[Task brief] Repeat only the stretch of lines below that runs from the line with "# Drawn here: x" through the line with "doc.units = ezdxf.units.MM", unaltered.

━━━━━━

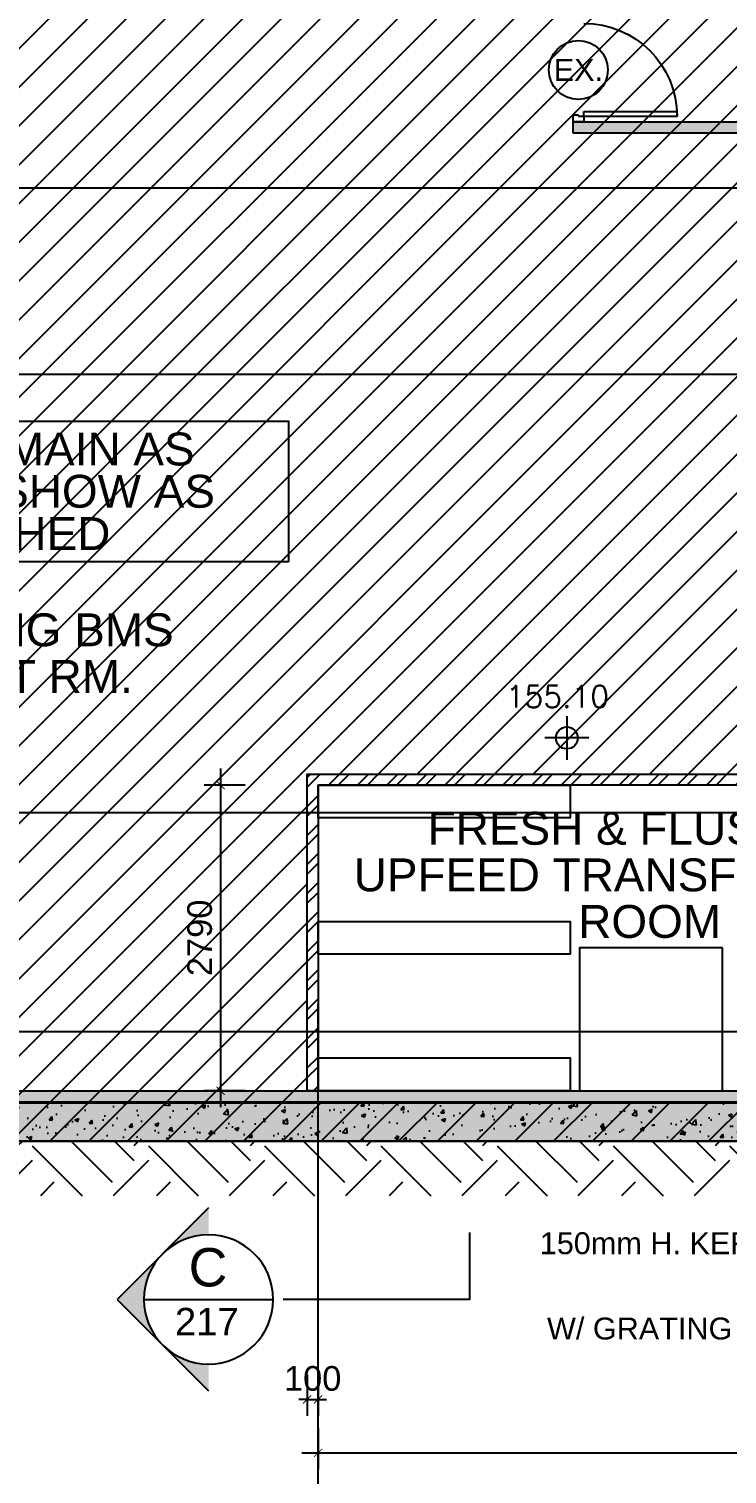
# Model space of a CAD drawing. Header units: millimetres. Extents: x 0 to 61044, y 27 to 39885.
# Drawn here: x 27486 to 33857, y 9897 to 23084 of the extents above; entities that cross this region are included whole.
import ezdxf

# ---------------------------------------------------------------- set-up
doc = ezdxf.new("R2010")
doc.units = ezdxf.units.MM
doc.linetypes.add('CENTERX2', pattern=[101.60000000000001, 63.5, -12.7, 12.7, -12.7])
doc.layers.get('Defpoints').update_dxf_attribs({"color": 8})
for name, color, linetype in [('arrow', 8, 'Continuous'), ('DLN032__', 8, 'Continuous'), ('DLN118__', 8, 'Continuous'), ('Door', 8, 'Continuous'), ('Existing Door mark', 8, 'Continuous'), ('GBP Dim', 8, 'Continuous'), ('GBP Text 200', 8, 'Continuous'), ('GBP Text 250', 8, 'Continuous'), ('grid', 8, 'CENTERX2'), ('hatch', 8, 'Continuous'), ('Hatch_Stru', 8, 'Continuous'), ('LEVEL', 8, 'Continuous'), ('PLINTH', 8, 'Continuous'), ('RCP_text', 8, 'Continuous'), ('TEXT', 8, 'Continuous'), ('TEXT Ref', 8, 'Continuous'), ('WALL-EX', 8, 'Continuous'), ('WALL-NEW', 8, 'Continuous'), ('WALL-STRUCTURE', 8, 'Continuous')]:
    doc.layers.add(name, color=color, linetype=linetype)
doc.layers.add('LP-furn loose', color=8, linetype='Continuous', lineweight=0)
doc.styles.add('BH', font='arial.ttf')
doc.styles.add('ROMANS', font='romans.shx')
doc.dimstyles.new('200 GBP', dxfattribs={"dimscale": 1.5, "dimtxt": 150, "dimasz": 50, "dimexe": 100, "dimexo": 50, "dimgap": 50, "dimtad": 1, "dimdec": 0, "dimzin": 0, "dimdsep": 46, "dimtxsty": 'BH', "dimblk": 'ARCHTICK', "dimcen": 0.09, "dimdle": 100, "dimclrd": 9, "dimclre": 9, "dimclrt": 1, "dimadec": 0, "dimazin": 0, "dimtfac": 1, "dimtdec": 0, "dimtix": 1, "dimtmove": 2, "dimatfit": 3, "dimldrblk": 'ARCHTICK', "dimfxl": 300, "dimfxlon": 1, "dimtolj": 1, "dimtzin": 0, "dimarcsym": 0})

# ---------------------------------------------------------------- blocks, each defined once
blk = doc.blocks.new('A$C65CE4B9B')
at = {"layer": 'grid', "ltscale": 200}
for p, q in [((-58000.00000197043, -6749.966218149471), (0, -6749.999999644231)), ((-58000.00000076475, -8449.966218149471), (0, -8449.999999644228)), ((-58000.00000158104, -12449.96621814947), (0, -12449.99999964423)), ((-58000.0000003548, -14449.96621814946), (0, -14449.99999964423)), ((-58000.00000010013, -15449.96621814946), (0, -15449.99999964423))]:
    blk.add_line(p, q, dxfattribs=at)
blk = doc.blocks.new('DR1CL2')
at = {"layer": 'Door'}
for p, q in [((50, 0), (0, 0)), ((0, 0), (0, -75)), ((50, 0), (50, -50)), ((0, -75), (0, -100)), ((62.5, -100), (0, -100)), ((62.5, -50), (50, -50)), ((62.5, -50), (62.5, -100))]:
    blk.add_line(p, q, dxfattribs=at)
blk = doc.blocks.new('DR1CD')
at = {"layer": 'Door'}
for p, q in [((0, 1), (45, 1)), ((0, 1), (0, 0)), ((45, 0), (45, 1)), ((0, 0), (45, 0))]:
    blk.add_line(p, q, dxfattribs=at)
blk = doc.blocks.new('DR1CM')
at = {"layer": 'Door'}
blk.add_arc((0, 0), 1, 0, 90, dxfattribs=at)
blk = doc.blocks.new('ELEX')
at = {"layer": 'DLN032__'}
for p, q in [((0, 0.5), (0, -0.5)), ((0.5, 0), (-0.5, 0))]:
    blk.add_line(p, q, dxfattribs=at)
blk.add_circle((0, 0), 0.25, dxfattribs=at)
at = {"layer": 'DLN032__', "style": 'ROMANS'}
blk.add_attdef('ELEX', (0.2567988680675626, 0.3535533905960619), '', height=0.5, dxfattribs=at)
blk = doc.blocks.new('_ArchTick')
at = {"color": 0, "const_width": 0.1}
blk.add_lwpolyline([(0.5, 0.5), (-0.5, -0.5)], dxfattribs=at)
blk = doc.blocks.new('*D98')
at = {"layer": 'Defpoints', "color": 0, "transparency": 16777216}
for p in [(33552.74543538073, 16184.53173598717), (29234.72263975581, 13394.53173644023), (33552.74543527223, 13394.53173644023)]:
    blk.add_point(p, dxfattribs=at)
at = {"layer": 'GBP Dim', "color": 9, "lineweight": -2, "transparency": 16777216}
for p, q in [((29234.72263975581, 16334.53173598717), (29234.72263975581, 13244.53173644023)), ((29459.72263975581, 16184.53173598717), (29084.72263975581, 16184.53173598717)), ((29459.72263975581, 13394.53173644023), (29084.72263975581, 13394.53173644023))]:
    blk.add_line(p, q, dxfattribs=at)
at = {"layer": 'GBP Dim', "color": 9, "lineweight": -2, "transparency": 16777216, "xscale": 75, "yscale": 75, "zscale": 75}
for p, rotation in [((29234.72263975581, 16184.53173598717), 90), ((29234.72263975581, 13394.53173644023), 270)]:
    blk.add_blockref('_ArchTick', p, dxfattribs=dict(at, rotation=rotation))
at = {"layer": 'GBP Dim', "transparency": 16777216, "insert": (29044.84371751843, 14789.5317362137), "char_height": 225, "attachment_point": 5, "rotation": 90, "style": 'BH'}
blk.add_mtext('\\A1;2790', dxfattribs=at)
blk = doc.blocks.new('*D99')
at = {"layer": 'Defpoints', "color": 0, "transparency": 16777216}
for p in [(30124.99868132791, 13173.96134257774), (38524.99868946464, 12859.5317362409), (38524.99868946464, 10090.11415199726)]:
    blk.add_point(p, dxfattribs=at)
at = {"layer": 'GBP Dim', "color": 9, "lineweight": -2, "transparency": 16777216}
for p, q in [((30124.99868132791, 10315.11415199726), (30124.99868132791, 9940.114151997259)), ((38524.99868946464, 10315.11415199726), (38524.99868946464, 9940.114151997259)), ((29974.99868132791, 10090.11415199726), (38674.99868946464, 10090.11415199726))]:
    blk.add_line(p, q, dxfattribs=at)
at = {"layer": 'GBP Dim', "color": 9, "lineweight": -2, "transparency": 16777216, "xscale": 75, "yscale": 75, "zscale": 75, "rotation": 180}
blk.add_blockref('_ArchTick', (30124.99868132791, 10090.11415199726), dxfattribs=at)
at = {"layer": 'GBP Dim', "color": 9, "lineweight": -2, "transparency": 16777216, "xscale": 75, "yscale": 75, "zscale": 75}
blk.add_blockref('_ArchTick', (38524.99868946464, 10090.11415199726), dxfattribs=at)
at = {"layer": 'GBP Dim', "transparency": 16777216, "insert": (34324.99868539628, 10279.99307423464), "char_height": 225, "attachment_point": 5, "style": 'BH'}
blk.add_mtext('\\A1;8400', dxfattribs=at)
blk = doc.blocks.new('A$C11B774D8')
at = {"layer": 'Existing Door mark'}
blk.add_circle((268.8000736948961, 268.7999146424117), 268.7999999893691, dxfattribs=at)
at = {"layer": 'Existing Door mark', "insert": (268.8000736948961, 268.7999146424117), "char_height": 200, "width": 2794.734149089389, "attachment_point": 5, "line_spacing_factor": 0.8399999999999999, "style": 'BH'}
blk.add_mtext('EX.', dxfattribs=at)
blk = doc.blocks.new('*D132')
at = {"layer": 'Defpoints', "color": 0, "transparency": 16777216}
for p in [(30024.99868132696, 13490.40278421523), (30124.99868143685, 13490.40278432517), (30124.99868143685, 10578.26545600563)]:
    blk.add_point(p, dxfattribs=at)
at = {"layer": 'GBP Dim', "color": 9, "lineweight": -2, "transparency": 16777216}
for p, q in [((30024.99868132696, 10803.26545600563), (30024.99868132696, 10428.26545600563)), ((30124.99868143685, 10803.26545600563), (30124.99868143685, 10428.26545600563)), ((30024.99868132696, 10578.26545600563), (29949.99868132696, 10578.26545600563)), ((30024.99868132696, 10578.26545600563), (30124.99868143685, 10578.26545600563)), ((30124.99868143685, 10578.26545600563), (30199.99868143685, 10578.26545600563))]:
    blk.add_line(p, q, dxfattribs=at)
at = {"layer": 'GBP Dim', "color": 9, "lineweight": -2, "transparency": 16777216, "xscale": 75, "yscale": 75, "zscale": 75}
blk.add_blockref('_ArchTick', (30024.99868132696, 10578.26545600563), dxfattribs=at)
at = {"layer": 'GBP Dim', "color": 9, "lineweight": -2, "transparency": 16777216, "xscale": 75, "yscale": 75, "zscale": 75, "rotation": 180}
blk.add_blockref('_ArchTick', (30124.99868143685, 10578.26545600563), dxfattribs=at)
at = {"layer": 'GBP Dim', "transparency": 16777216, "insert": (30074.99868138191, 10768.14437824301), "char_height": 225, "attachment_point": 5, "style": 'BH'}
blk.add_mtext('\\A1;100', dxfattribs=at)

msp = doc.modelspace()

# ---------------------------------------------------------------- hatches: boundary and pattern name
at = {"layer": 'DLN118__'}
h = msp.add_hatch(dxfattribs=at)
h.set_pattern_fill('EARTH', color=256, scale=3000, angle=225, style=0)
h.set_pattern_definition([(225, (-20214.75164496759, -26485.57096175279), (-1.13686837721616e-13, -1060.660171779821), [750, -750]), (225, (-20015.87786275882, -26684.4447439615), (-1.13686837721616e-13, -1060.660171779821), [750, -750]), (225, (-19817.00408055016, -26883.31852617022), (-1.13686837721616e-13, -1060.660171779821), [750, -750]), (315, (-19817.00408055016, -27015.90104764269), (1060.660171779821, -2.273736754432321e-13), [750, -750]), (315, (-20015.87786275882, -27214.77482985141), (1060.660171779821, -2.273736754432321e-13), [750, -750]), (315, (-20214.75164496759, -27413.64861206013), (1060.660171779821, -2.273736754432321e-13), [750, -750])])
h.paths.add_polyline_path([(26749.99868135317, 28384.53173724814), (29479.41520010564, 28384.53173719579), (17744.44174770173, 28386.62789878016), (17744.4417468661, 12936.62789889378), (36991.13266912743, 12934.53173595574), (37173.0188235644, 12436.62789787771), (17244.44174686051, 12436.62789886678), (17244.44174879952, 28886.62789883884), (26282.87183630723, 28886.62789898273), (26568.35280825768, 28881.77781744819)])
at = {"layer": 'hatch'}
h = msp.add_hatch(dxfattribs=at)
h.set_pattern_fill('ANSI31', color=256, scale=2000, style=0)
h.set_pattern_definition([(45, (-10000.00131888175, -7065.468262937851), (-176.7766952966369, 176.7766952966369), [])])
h.paths.add_polyline_path([(31437.4986821037, 33484.53173711152), (31374.99868225795, 33484.53173711713), (31374.99868222384, 32284.53173712308), (31437.49868206948, 32284.5317371179)], flags=17)
h.paths.add_polyline_path([(31499.99868222373, 33484.53173710593), (31437.4986821037, 33484.53173711153), (31437.49868206948, 32284.5317371179), (31499.99868227914, 32284.53173711271)], flags=17)
h.paths.add_polyline_path([(31437.49868206622, 32184.53173711789), (31374.99868214421, 32184.53173712307), (31374.99868210754, 31584.53173712308), (31437.49868204573, 31584.5317371179)], flags=17)
h.paths.add_polyline_path([(31499.99868214421, 32184.53173711271), (31437.49868206622, 32184.5317371179), (31437.49868204561, 31584.53173711789), (31499.99868210754, 31584.5317371127)], flags=17)
h.paths.add_polyline_path([(31499.99868210149, 31484.53173711272), (31437.4986821037, 31484.5317371179), (31437.49868204561, 30884.53173711789), (31499.99868206482, 30884.5317371127)], flags=17)
h.paths.add_polyline_path([(31499.99868205865, 30784.53173711271), (31437.49868203502, 30784.53173711789), (31437.49868197704, 30184.53173711789), (31499.99868202198, 30184.53173711271)], flags=17)
h.paths.add_polyline_path([(33672.19853377517, 34765.62180579361), (33077.79883082386, 34683.83554086275), (33086.31823342084, 34621.91890513851), (33680.71793637215, 34703.70517006936)], flags=17)
h.paths.add_polyline_path([(33680.71793637215, 34703.70517006936), (33086.31823342084, 34621.9189051385), (33094.83763601782, 34560.00226941425), (33689.23733896913, 34641.78853434511)], flags=17)
h.paths.add_polyline_path([(31374.99868201581, 30084.53173712308), (31437.49868196656, 30084.5317371179), (31437.49868190859, 29484.5317371958), (31374.99868197914, 29484.53173719579)], flags=16)
h.paths.add_polyline_path([(31374.99868210137, 31484.53173712308), (31437.4986821037, 31484.53173711789), (31437.49868204573, 30884.5317371179), (31374.9986820647, 30884.53173712307)], flags=16)
h.paths.add_polyline_path([(31499.99868215038, 32284.53173711272), (31374.99868222384, 32284.53173712308), (31374.99868225795, 33484.53173711713), (31499.99868222373, 33484.53173710592), (31499.99868227611, 34340.56083876546), (33094.83763601782, 34560.0022694143), (33077.79883082386, 34683.83554086275), (33672.19853377517, 34765.62180579361), (33689.23733896913, 34641.78853434521), (35499.99868230964, 34890.93974727113), (35499.9986823838, 36102.24587079557), (30299.9986823682, 35386.7532897382), (30299.99868270883, 28384.53173603094), (31499.99868191197, 28384.53173608938), (31499.99868197925, 29484.53173719579), (31437.49868190859, 29484.53173719579), (31437.49868196656, 30084.53173711789), (31499.99868201592, 30084.53173711271), (31499.99868202198, 30184.53173711271), (31374.99868202198, 30184.53173712307), (31374.99868205865, 30784.53173712308), (31499.99868205865, 30784.53173711272), (31499.99868206482, 30884.53173711271), (31437.49868204573, 30884.53173711789), (31437.4986821037, 31484.5317371179), (31499.99868210149, 31484.53173711272), (31499.99868210754, 31584.53173711271), (31374.99868210754, 31584.53173712308), (31374.99868214421, 32184.53173712308), (31499.99868214421, 32184.53173711272)])
h.paths.add_polyline_path([(31349.99868188251, 28234.53173609093), (31349.99868188624, 28309.53173652757), (32799.99868188624, 28309.5317364512), (32799.99868188251, 28234.53173615603)], flags=16)
h.paths.add_polyline_path([(28699.9986813463, 28309.5317362668), (28699.99868134258, 28234.53173597196), (27249.99868135026, 28234.53173590685), (27249.99868135166, 28309.53173634317)], flags=17)
h.paths.add_polyline_path([(30024.9986813711, 15034.5317365732), (30024.99868128472, 16284.53173596039), (35749.99868147075, 16284.53173596039), (35749.99868147413, 19834.53173675761), (42316.04813451204, 19834.53173575783), (54099.99868217856, 19834.53173514502), (54099.99868191488, 29384.53173514502), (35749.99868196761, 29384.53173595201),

━━━━━━

[Reply]
# Drawn here: x 27486 to 33857, y 9897 to 23084 of the extents above; entities that cross this region are included whole.
import ezdxf

# ---------------------------------------------------------------- set-up
doc = ezdxf.new("R2010")
doc.units = ezdxf.units.MM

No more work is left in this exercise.